I've confirmed that this race condition issue is present from v15 to
the master. In v14, we have the procsignal barrier code but don't use
it anywhere. In v18 or older, it could happen when executing DROP
DATABASE, DROP TABLESPACE etc, whereas in the master, it could happen
in more cases as we're using procsignal barrier more places. In any
case, if a process emits a signal barrier when another process is
between the initialization of slot->pss_barrierGeneration and
slot->pss_pid initialization, the subsequent
WaitForProcSignalBarrier() ends up waiting for that process forever.
So I think the patch should be backpatched to v15. Please review these
patches.

FYI I found that we had a similar report[1]  last year, I'm not sure
it hit the exact same issue, though.

Regards,

[1] 
https://www.postgresql.org/message-id/cagqgydtavkg3dbtebtyxzlm48jmzr2bcvteybswlv5hvwsb...@mail.gmail.com

--
Masahiko Sawada
Amazon Web Services: https://aws.amazon.com
From 63ce4e5578f1703254952cd3aee3a0a22c6da990 Mon Sep 17 00:00:00 2001
From: Masahiko Sawada <[email protected]>
Date: Tue, 28 Apr 2026 12:21:21 -0700
Subject: [PATCH v2_15] Fix race between ProcSignalInit() and
 EmitProcSignalBarrier().

Previously, ProcSignalInit() read the global barrier generation before
publishing its PID into the pss_pid slot. This created a race
condition: a process could initialize its local generation with an
older global value, while a concurrent EmitProcSignalBarrier() might
skip that process because its pss_pid was still zero. This resulted in
WaitForProcSignalBarrier() hanging indefinitely.

This commit fixes the issue by publishing pss_pid before reading
psh_barrierGeneration, with a memory barrier in between so that the
store is globally visible first. A concurrent EmitProcSignalBarrier()
then either observes the published PID and signals this slot, or
completes its generation increment before we load it.
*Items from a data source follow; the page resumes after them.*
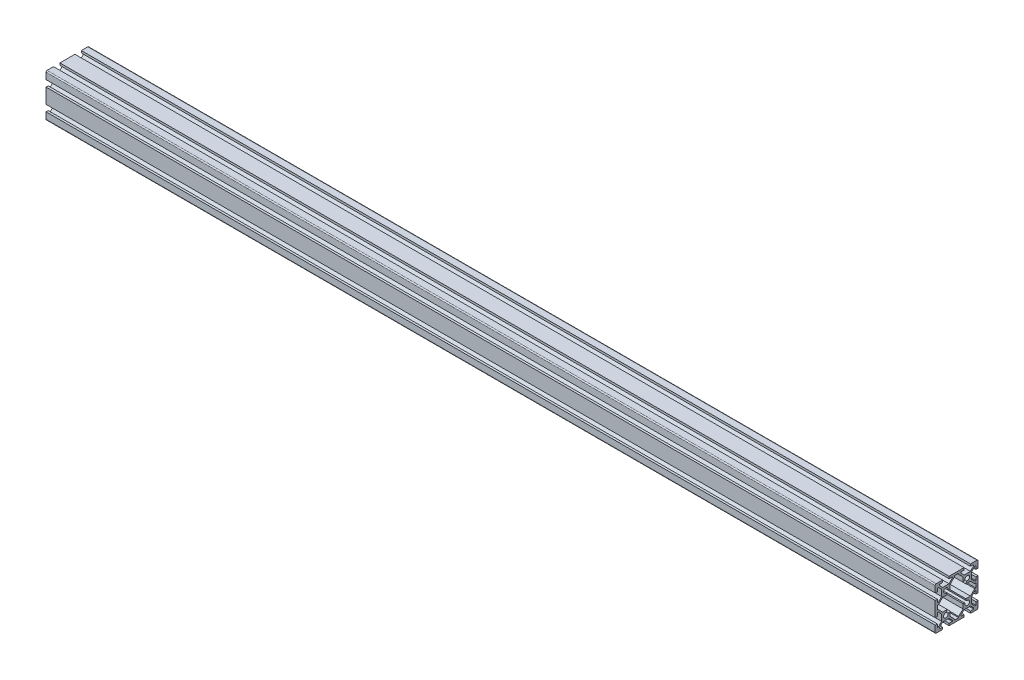
from build123d import *

# Parameters (mm, degrees)
BOSS_EXTRUDE1_DEPTH = 830


with BuildPart() as part:
    # Sketch1 → Boss-Extrude1 (new body)
    with BuildSketch(Plane(origin=(0, 0, 0), x_dir=(0, 0, -1), z_dir=(1, 0, 0))):
        with BuildLine():
            Line((-20, 19), (-20, 13))
            Line((-20, 13), (-18, 13))
            Line((-18, 13), (-18, 16))
            Line((-18, 16), (-17.060660172, 16))
            Line((-17.060660172, 16), (-14, 12.939339828))
            Line((-14, 12.939339828), (-14, 7.060660172))
            Line((-14, 7.060660172), (-17.060660172, 4))
            Line((-17.060660172, 4), (-18, 4))
            Line((-18, 4), (-18, 7))
            Line((-18, 7), (-20, 7))
            Line((-20, 7), (-20, -7))
            Line((-20, -7), (-18, -7))
            Line((-18, -7), (-18, -4))
            Line((-18, -4), (-17.060660172, -4))
            Line((-17.060660172, -4), (-14, -7.060660172))
            Line((-14, -7.060660172), (-14, -12.939339828))
            Line((-14, -12.939339828), (-17.060660172, -16))
            Line((-17.060660172, -16), (-18, -16))
            Line((-18, -16), (-18, -13))
            Line((-18, -13), (-20, -13))
            Line((-20, -13), (-20, -19))
            ThreePointArc((-20, -19), (-19.707106781, -19.707106781), (-19, -20))
            Line((-19, -20), (-13, -20))
            Line((-13, -20), (-13, -18))
            Line((-13, -18), (-16, -18))
            Line((-16, -18), (-16, -17.060660172))
            Line((-16, -17.060660172), (-12.939339828, -14))
            Line((-12.939339828, -14), (-7.060660172, -14))
            Line((-7.060660172, -14), (-4, -17.060660172))
            Line((-4, -17.060660172), (-4, -18))
            Line((-4, -18), (-7, -18))
            Line((-7, -18), (-7, -20))
            Line((-7, -20), (7, -20))
            Line((7, -20), (7, -18))
            Line((7, -18), (4, -18))
            Line((4, -18), (4, -17.060660172))
            Line((4, -17.060660172), (7.060660172, -14))
            Line((7.060660172, -14), (12.939339828, -14))
            Line((12.939339828, -14), (16, -17.060660172))
            Line((16, -17.060660172), (16, -18))
            Line((16, -18), (13, -18))
            Line((13, -18), (13, -20))
            Line((13, -20), (19, -20))
            ThreePointArc((19, -20), (19.707106781, -19.707106781), (20, -19))
            Line((20, -19), (20, -13))
            Line((20, -13), (18, -13))
            Line((18, -13), (18, -16))
            Line((18, -16), (17.060660172, -16))
            Line((17.060660172, -16), (14, -12.939339828))
            Line((14, -12.939339828), (14, -7.060660172))
            Line((14, -7.060660172), (17.060660172, -4))
            Line((17.060660172, -4), (18, -4))
            Line((18, -4), (18, -7))
            Line((18, -7), (20, -7))
            Line((20, -7), (20, 7))
            Line((20, 7), (18, 7))
            Line((18, 7), (18, 4))
            Line((18, 4), (17.060660172, 4))
            Line((17.060660172, 4), (14, 7.060660172))
            Line((14, 7.060660172), (14, 12.939339828))
            Line((14, 12.939339828), (17.060660172, 16))
            Line((17.060660172, 16), (18, 16))
            Line((18, 16), (18, 13))
            Line((18, 13), (20, 13))
            Line((20, 13), (20, 19))
            ThreePointArc((20, 19), (19.707106781, 19.707106781), (19, 20))
            Line((19, 20), (13, 20))
            Line((13, 20), (13, 18))
            Line((13, 18), (16, 18))
            Line((16, 18), (16, 17.060660172))
            Line((16, 17.060660172), (12.939339828, 14))
            Line((12.939339828, 14), (7.060660172, 14))
            Line((7.060660172, 14), (4, 17.060660172))
            Line((4, 17.060660172), (4, 18))
            Line((4, 18), (7, 18))
            Line((7, 18), (7, 20))
            Line((7, 20), (-7, 20))
            Line((-7, 20), (-7, 18))
            Line((-7, 18), (-4, 18))
            Line((-4, 18), (-4, 17.060660172))
            Line((-4, 17.060660172), (-7.060660172, 14))
            Line((-7.060660172, 14), (-12.939339828, 14))
            Line((-12.939339828, 14), (-16, 17.060660172))
            Line((-16, 17.060660172), (-16, 18))
            Line((-16, 18), (-13, 18))
            Line((-13, 18), (-13, 20))
            Line((-13, 20), (-19, 20))
            ThreePointArc((-19, 20), (-19.707106781, 19.707106781), (-20, 19))
        make_face()
        with BuildLine():
            Line((-16.939339828, 2), (-18, 2))
            Line((-18, 2), (-18, -2))
            Line((-18, -2), (-16.939339828, -2))
            Line((-16.939339828, -2), (-12.939339828, -6))
            Line((-12.939339828, -6), (-8.666662697, -6))
            Line((-8.666662697, -6), (-9.335919912, -8.007765667))
            ThreePointArc((-9.335919912, -8.007765667), (-11.48492424, -11.48492424), (-8.007765667, -9.335919912))
            Line((-8.007765667, -9.335919912), (-6, -8.666662697))
            Line((-6, -8.666662697), (-6, -12.939339828))
            Line((-6, -12.939339828), (-2, -16.939339828))
            Line((-2, -16.939339828), (-2, -18))
            Line((-2, -18), (2, -18))
            Line((2, -18), (2, -16.939339828))
            Line((2, -16.939339828), (6, -12.939339828))
            Line((6, -12.939339828), (6, -8.666662697))
            Line((6, -8.666662697), (8.007765667, -9.335919912))
            ThreePointArc((8.007765667, -9.335919912), (11.48492424, -11.48492424), (9.335919912, -8.007765667))
            Line((9.335919912, -8.007765667), (8.666662697, -6))
            Line((8.666662697, -6), (12.939339828, -6))
            Line((12.939339828, -6), (16.939339828, -2))
            Line((16.939339828, -2), (18, -2))
            Line((18, -2), (18, 2))
            Line((18, 2), (16.939339828, 2))
            Line((16.939339828, 2), (12.939339828, 6))
            Line((12.939339828, 6), (8.666662697, 6))
            Line((8.666662697, 6), (9.335919912, 8.007765667))
            ThreePointArc((9.335919912, 8.007765667), (11.48492424, 11.48492424), (8.007765667, 9.335919912))
            Line((8.007765667, 9.335919912), (6, 8.666662697))
            Line((6, 8.666662697), (6, 12.939339828))
            Line((6, 12.939339828), (2, 16.939339828))
            Line((2, 16.939339828), (2, 18))
            Line((2, 18), (-2, 18))
            Line((-2, 18), (-2, 16.939339828))
            Line((-2, 16.939339828), (-6, 12.939339828))
            Line((-6, 12.939339828), (-6, 8.666662697))
            Line((-6, 8.666662697), (-8.007765667, 9.335919912))
            ThreePointArc((-8.007765667, 9.335919912), (-11.48492424, 11.48492424), (-9.335919912, 8.007765667))
            Line((-9.335919912, 8.007765667), (-8.666662697, 6))
            Line((-8.666662697, 6), (-12.939339828, 6))
            Line((-12.939339828, 6), (-16.939339828, 2))
        make_face(mode=Mode.SUBTRACT)
    extrude(amount=BOSS_EXTRUDE1_DEPTH)


solid = part.part

While this race has become more visible due to recent features using
signal barriers in more places (such as online wal_level changes), the
issue is theoretically present since signal barriers were introduced
to release smgr caches (e.g., in DROP DATABASE). So backpatch to 15.

This issue was also reported by buildfarm animal flaviventris.

Reported-by: Melanie Plageman <[email protected]>
Reviewed-by: Alexander Lakhin <[email protected]>
Reviewed-by: Matthias van de Meent <[email protected]>
Discussion: https://postgr.es/m/caeze2wgajmwredn7chtba8er2ybvkcoa0kvn25-1evntrhs...@mail.gmail.com
Backpatch-through: 15
---
 src/backend/storage/ipc/procsignal.c | 13 ++++++++++---
 1 file changed, 10 insertions(+), 3 deletions(-)

diff --git a/src/backend/storage/ipc/procsignal.c b/src/backend/storage/ipc/procsignal.c
index 21a9fc0fdd2..cd4fe11b1a6 100644
--- a/src/backend/storage/ipc/procsignal.c
+++ b/src/backend/storage/ipc/procsignal.c
@@ -175,6 +175,16 @@ ProcSignalInit(int pss_idx)
 	/* Clear out any leftover signal reasons */
 	MemSet(slot->pss_signalFlags, 0, NUM_PROCSIGNALS * sizeof(sig_atomic_t));
 
+	/*
+	 * Publish the PID before reading the global barrier generation to ensure
+	 * that EmitProcSignalBarrier() doesn't skip us while we are grabbing an
+	 * older generation. We need a memory barrier here to make sure that the
+	 * update of pss_pid is globally visible before the load of the global
+	 * barrier generation executes.
+	 */
+	slot->pss_pid = MyProcPid;
+	pg_memory_barrier();
+
 	/*
 	 * Initialize barrier state. Since we're a brand-new process, there
 	 * shouldn't be any leftover backend-private state that needs to be
@@ -192,9 +202,6 @@ ProcSignalInit(int pss_idx)
 	pg_atomic_write_u64(&slot->pss_barrierGeneration, barrier_generation);
 	pg_memory_barrier();
 
-	/* Mark slot with my PID */
-	slot->pss_pid = MyProcPid;
-
 	/* Remember slot location for CheckProcSignal */
 	MyProcSignalSlot = slot;
 
-- 
2.54.0

From 099e5a2b1bf0c8631f6b5f2a4bfba4ee039b5d5b Mon Sep 17 00:00:00 2001
From: Masahiko Sawada <[email protected]>
Date: Tue, 28 Apr 2026 12:21:21 -0700
Subject: [PATCH v2_17] Fix race between ProcSignalInit() and
 EmitProcSignalBarrier().

Previously, ProcSignalInit() read the global barrier generation before
publishing its PID into the pss_pid slot. This created a race
condition: a process could initialize its local generation with an
older global value, while a concurrent EmitProcSignalBarrier() might
skip that process because its pss_pid was still zero. This resulted in
WaitForProcSignalBarrier() hanging indefinitely.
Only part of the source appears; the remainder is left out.